Task to carry out: From the entries below, copy every line that has the word "height".

Dataset excerpts:
━━━━━━━━━━

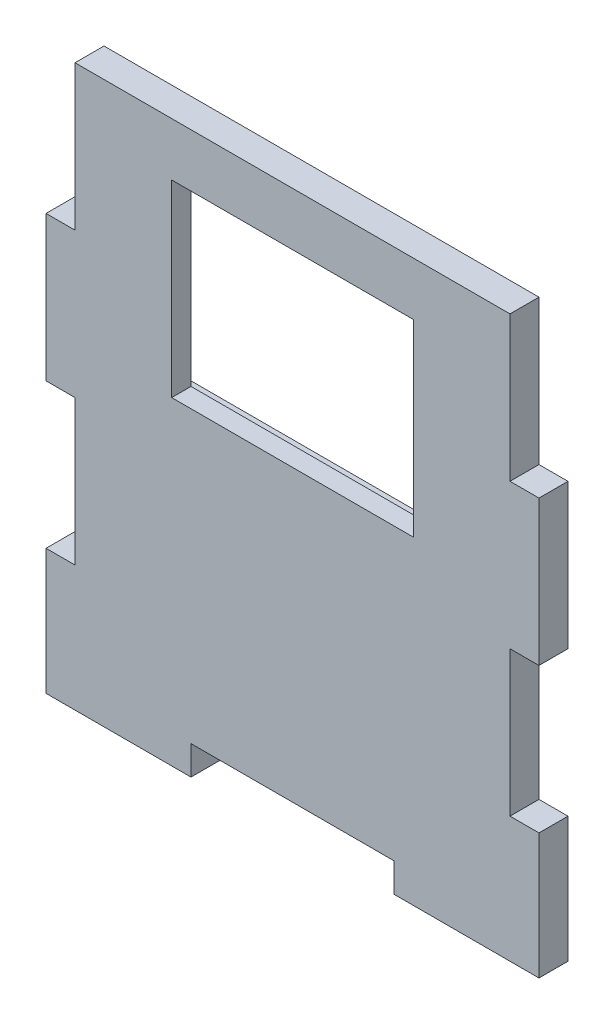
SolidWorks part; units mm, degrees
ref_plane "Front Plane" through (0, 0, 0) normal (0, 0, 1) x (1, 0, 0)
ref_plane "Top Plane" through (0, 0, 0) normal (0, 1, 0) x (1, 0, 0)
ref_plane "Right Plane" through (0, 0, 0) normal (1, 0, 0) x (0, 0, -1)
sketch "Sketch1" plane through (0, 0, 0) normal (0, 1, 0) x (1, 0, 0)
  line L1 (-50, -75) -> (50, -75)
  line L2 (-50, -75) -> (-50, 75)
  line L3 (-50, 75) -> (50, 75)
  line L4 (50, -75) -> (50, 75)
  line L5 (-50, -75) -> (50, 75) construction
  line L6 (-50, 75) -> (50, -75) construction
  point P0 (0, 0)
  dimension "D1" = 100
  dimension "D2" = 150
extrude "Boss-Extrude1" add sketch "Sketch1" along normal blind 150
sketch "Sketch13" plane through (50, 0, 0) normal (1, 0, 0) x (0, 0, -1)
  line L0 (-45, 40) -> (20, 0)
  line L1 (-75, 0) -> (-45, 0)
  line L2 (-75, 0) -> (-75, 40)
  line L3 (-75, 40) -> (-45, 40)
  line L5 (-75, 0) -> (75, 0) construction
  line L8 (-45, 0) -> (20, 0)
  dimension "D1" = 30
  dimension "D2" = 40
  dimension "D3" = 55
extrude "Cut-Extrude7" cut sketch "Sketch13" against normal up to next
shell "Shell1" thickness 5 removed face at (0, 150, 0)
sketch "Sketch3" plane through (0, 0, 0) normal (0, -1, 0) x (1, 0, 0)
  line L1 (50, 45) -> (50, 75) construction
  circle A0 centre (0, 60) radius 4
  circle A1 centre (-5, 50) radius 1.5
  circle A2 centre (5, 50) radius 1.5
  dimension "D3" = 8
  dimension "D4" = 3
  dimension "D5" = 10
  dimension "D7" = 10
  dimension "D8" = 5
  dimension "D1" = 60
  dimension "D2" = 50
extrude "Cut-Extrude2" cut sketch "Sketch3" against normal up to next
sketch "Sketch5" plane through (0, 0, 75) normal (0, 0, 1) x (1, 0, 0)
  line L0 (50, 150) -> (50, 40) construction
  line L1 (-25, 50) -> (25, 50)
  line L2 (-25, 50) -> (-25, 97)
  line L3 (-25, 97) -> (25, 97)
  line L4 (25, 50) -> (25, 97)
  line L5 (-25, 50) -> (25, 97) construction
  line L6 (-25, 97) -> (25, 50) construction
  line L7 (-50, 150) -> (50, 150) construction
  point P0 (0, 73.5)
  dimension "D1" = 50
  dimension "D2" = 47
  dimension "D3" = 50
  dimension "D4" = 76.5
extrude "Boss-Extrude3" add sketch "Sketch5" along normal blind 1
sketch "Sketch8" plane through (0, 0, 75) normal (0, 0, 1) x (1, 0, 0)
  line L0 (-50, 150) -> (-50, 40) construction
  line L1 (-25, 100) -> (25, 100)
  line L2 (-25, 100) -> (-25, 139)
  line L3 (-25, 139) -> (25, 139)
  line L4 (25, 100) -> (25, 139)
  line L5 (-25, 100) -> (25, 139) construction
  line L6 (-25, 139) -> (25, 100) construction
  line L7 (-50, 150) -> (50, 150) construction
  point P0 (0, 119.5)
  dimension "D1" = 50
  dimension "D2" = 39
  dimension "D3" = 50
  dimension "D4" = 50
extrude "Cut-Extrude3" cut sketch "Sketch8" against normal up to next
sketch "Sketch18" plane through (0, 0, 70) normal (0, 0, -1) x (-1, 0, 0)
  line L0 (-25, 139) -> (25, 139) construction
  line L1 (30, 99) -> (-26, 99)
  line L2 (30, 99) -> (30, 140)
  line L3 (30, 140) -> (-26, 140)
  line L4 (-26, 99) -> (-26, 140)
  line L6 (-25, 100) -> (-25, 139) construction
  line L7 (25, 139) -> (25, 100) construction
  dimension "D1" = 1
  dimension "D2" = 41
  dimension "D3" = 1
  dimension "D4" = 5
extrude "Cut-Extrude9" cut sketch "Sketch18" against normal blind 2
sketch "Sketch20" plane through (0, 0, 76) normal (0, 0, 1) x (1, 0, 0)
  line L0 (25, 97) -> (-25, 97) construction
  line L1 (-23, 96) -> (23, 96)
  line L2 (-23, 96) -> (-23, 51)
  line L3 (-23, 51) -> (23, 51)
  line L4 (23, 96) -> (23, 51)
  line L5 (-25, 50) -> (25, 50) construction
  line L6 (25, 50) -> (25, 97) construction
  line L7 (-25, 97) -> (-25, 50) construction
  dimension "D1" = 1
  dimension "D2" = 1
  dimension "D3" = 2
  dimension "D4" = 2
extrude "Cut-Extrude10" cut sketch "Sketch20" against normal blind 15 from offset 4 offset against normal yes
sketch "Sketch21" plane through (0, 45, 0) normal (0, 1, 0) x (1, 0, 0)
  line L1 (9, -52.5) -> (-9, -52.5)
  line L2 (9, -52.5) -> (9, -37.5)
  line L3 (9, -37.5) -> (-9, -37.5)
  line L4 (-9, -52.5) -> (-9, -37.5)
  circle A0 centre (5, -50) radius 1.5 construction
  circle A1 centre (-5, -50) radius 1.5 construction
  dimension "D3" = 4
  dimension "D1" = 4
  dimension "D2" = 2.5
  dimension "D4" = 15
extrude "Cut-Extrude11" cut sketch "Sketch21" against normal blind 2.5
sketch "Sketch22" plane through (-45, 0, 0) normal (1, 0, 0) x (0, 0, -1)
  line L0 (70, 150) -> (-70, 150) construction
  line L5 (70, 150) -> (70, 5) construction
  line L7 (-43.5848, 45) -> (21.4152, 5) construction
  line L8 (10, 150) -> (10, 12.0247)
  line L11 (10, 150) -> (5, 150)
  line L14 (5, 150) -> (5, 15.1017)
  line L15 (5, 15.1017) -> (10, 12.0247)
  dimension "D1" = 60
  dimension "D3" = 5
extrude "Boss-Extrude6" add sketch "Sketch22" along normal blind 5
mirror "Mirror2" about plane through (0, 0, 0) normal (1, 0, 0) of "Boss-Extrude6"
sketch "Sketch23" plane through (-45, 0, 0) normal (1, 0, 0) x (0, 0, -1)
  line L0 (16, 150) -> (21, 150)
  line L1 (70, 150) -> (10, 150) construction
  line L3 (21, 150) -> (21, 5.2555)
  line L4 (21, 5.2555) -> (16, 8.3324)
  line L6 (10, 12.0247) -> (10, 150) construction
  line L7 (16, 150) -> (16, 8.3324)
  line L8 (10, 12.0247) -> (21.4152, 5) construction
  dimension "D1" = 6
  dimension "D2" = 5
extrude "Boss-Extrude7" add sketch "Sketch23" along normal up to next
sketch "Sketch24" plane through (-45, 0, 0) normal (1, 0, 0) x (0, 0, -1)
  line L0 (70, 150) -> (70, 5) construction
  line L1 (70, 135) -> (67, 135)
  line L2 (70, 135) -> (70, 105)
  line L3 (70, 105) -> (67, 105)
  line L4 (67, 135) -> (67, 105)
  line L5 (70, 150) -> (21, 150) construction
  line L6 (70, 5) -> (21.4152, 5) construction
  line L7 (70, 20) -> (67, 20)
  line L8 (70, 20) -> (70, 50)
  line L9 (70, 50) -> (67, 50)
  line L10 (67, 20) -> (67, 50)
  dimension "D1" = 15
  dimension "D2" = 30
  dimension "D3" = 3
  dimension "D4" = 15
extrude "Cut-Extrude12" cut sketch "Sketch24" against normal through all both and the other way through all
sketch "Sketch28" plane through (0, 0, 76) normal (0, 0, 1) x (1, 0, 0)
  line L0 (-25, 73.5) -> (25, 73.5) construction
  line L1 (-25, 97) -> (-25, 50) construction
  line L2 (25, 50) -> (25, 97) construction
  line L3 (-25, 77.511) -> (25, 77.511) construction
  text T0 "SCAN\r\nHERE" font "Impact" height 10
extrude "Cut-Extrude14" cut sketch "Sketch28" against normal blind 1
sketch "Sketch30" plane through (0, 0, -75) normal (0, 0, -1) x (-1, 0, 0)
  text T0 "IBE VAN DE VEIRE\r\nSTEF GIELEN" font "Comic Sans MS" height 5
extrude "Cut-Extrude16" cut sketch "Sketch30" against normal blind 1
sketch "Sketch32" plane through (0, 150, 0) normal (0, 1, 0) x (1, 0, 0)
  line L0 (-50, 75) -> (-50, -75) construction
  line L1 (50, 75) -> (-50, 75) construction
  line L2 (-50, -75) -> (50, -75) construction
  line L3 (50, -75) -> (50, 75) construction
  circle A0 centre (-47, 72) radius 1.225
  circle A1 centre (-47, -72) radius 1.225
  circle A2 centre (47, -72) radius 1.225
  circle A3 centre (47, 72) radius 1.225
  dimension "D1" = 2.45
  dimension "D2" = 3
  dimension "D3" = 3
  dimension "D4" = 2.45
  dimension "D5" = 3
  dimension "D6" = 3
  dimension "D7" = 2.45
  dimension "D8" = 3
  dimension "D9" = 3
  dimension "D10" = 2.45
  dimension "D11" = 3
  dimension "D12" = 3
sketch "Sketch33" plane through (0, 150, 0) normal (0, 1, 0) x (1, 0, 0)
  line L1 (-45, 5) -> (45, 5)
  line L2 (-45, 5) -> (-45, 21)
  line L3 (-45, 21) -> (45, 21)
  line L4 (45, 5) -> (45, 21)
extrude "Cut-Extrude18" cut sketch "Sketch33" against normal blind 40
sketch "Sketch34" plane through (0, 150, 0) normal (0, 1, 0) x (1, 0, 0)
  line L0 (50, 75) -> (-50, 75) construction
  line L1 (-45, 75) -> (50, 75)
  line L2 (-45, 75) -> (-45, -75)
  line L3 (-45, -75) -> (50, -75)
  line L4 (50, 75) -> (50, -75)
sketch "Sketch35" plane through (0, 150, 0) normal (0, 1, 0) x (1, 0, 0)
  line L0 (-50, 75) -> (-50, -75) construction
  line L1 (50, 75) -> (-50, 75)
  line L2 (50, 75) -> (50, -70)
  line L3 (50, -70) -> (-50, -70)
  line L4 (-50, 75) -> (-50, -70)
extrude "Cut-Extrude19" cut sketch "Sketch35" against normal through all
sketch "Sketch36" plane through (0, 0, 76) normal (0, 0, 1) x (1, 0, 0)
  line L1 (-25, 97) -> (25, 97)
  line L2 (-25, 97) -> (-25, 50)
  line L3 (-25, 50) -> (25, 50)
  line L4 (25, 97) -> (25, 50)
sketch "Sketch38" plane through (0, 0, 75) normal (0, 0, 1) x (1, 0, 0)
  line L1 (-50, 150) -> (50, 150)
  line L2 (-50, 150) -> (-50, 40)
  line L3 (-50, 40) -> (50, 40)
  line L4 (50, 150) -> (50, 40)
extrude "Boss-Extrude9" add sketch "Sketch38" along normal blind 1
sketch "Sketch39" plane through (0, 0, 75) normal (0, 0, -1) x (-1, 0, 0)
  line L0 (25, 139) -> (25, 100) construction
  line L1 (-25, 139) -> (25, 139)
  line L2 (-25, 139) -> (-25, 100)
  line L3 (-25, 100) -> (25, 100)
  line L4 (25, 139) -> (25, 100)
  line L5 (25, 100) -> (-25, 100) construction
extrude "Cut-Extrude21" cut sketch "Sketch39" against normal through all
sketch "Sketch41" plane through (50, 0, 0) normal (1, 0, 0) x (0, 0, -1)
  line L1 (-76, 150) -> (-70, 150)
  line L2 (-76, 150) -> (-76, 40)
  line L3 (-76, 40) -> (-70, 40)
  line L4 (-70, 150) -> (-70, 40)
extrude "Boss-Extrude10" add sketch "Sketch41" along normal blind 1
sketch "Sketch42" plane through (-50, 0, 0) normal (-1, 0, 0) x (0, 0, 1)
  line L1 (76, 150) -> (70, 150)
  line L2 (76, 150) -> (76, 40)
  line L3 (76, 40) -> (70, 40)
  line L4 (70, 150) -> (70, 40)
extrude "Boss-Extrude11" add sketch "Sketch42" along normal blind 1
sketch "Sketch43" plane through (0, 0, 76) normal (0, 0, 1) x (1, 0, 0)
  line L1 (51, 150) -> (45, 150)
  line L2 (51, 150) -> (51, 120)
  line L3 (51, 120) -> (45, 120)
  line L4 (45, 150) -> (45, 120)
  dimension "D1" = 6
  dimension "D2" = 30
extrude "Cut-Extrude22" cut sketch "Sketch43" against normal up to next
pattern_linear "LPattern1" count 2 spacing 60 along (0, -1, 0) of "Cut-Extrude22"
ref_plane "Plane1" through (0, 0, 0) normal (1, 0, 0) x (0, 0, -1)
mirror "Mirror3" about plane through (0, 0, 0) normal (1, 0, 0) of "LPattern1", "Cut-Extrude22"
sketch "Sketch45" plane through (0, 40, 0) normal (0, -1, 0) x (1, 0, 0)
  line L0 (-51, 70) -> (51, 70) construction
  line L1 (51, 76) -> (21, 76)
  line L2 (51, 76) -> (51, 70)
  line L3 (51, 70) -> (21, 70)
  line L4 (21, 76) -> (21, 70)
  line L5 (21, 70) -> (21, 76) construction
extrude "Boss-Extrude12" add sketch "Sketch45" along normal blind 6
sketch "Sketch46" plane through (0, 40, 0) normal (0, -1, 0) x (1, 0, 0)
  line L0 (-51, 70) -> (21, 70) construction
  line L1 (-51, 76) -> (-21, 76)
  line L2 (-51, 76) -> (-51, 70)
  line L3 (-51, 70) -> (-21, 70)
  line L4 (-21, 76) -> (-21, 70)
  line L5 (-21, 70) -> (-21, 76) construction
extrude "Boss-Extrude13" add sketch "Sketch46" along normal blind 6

━━━━━━━━━━

Written solution:
  text T0 "SCAN\r\nHERE" font "Impact" height 10
  text T0 "IBE VAN DE VEIRE\r\nSTEF GIELEN" font "Comic Sans MS" height 5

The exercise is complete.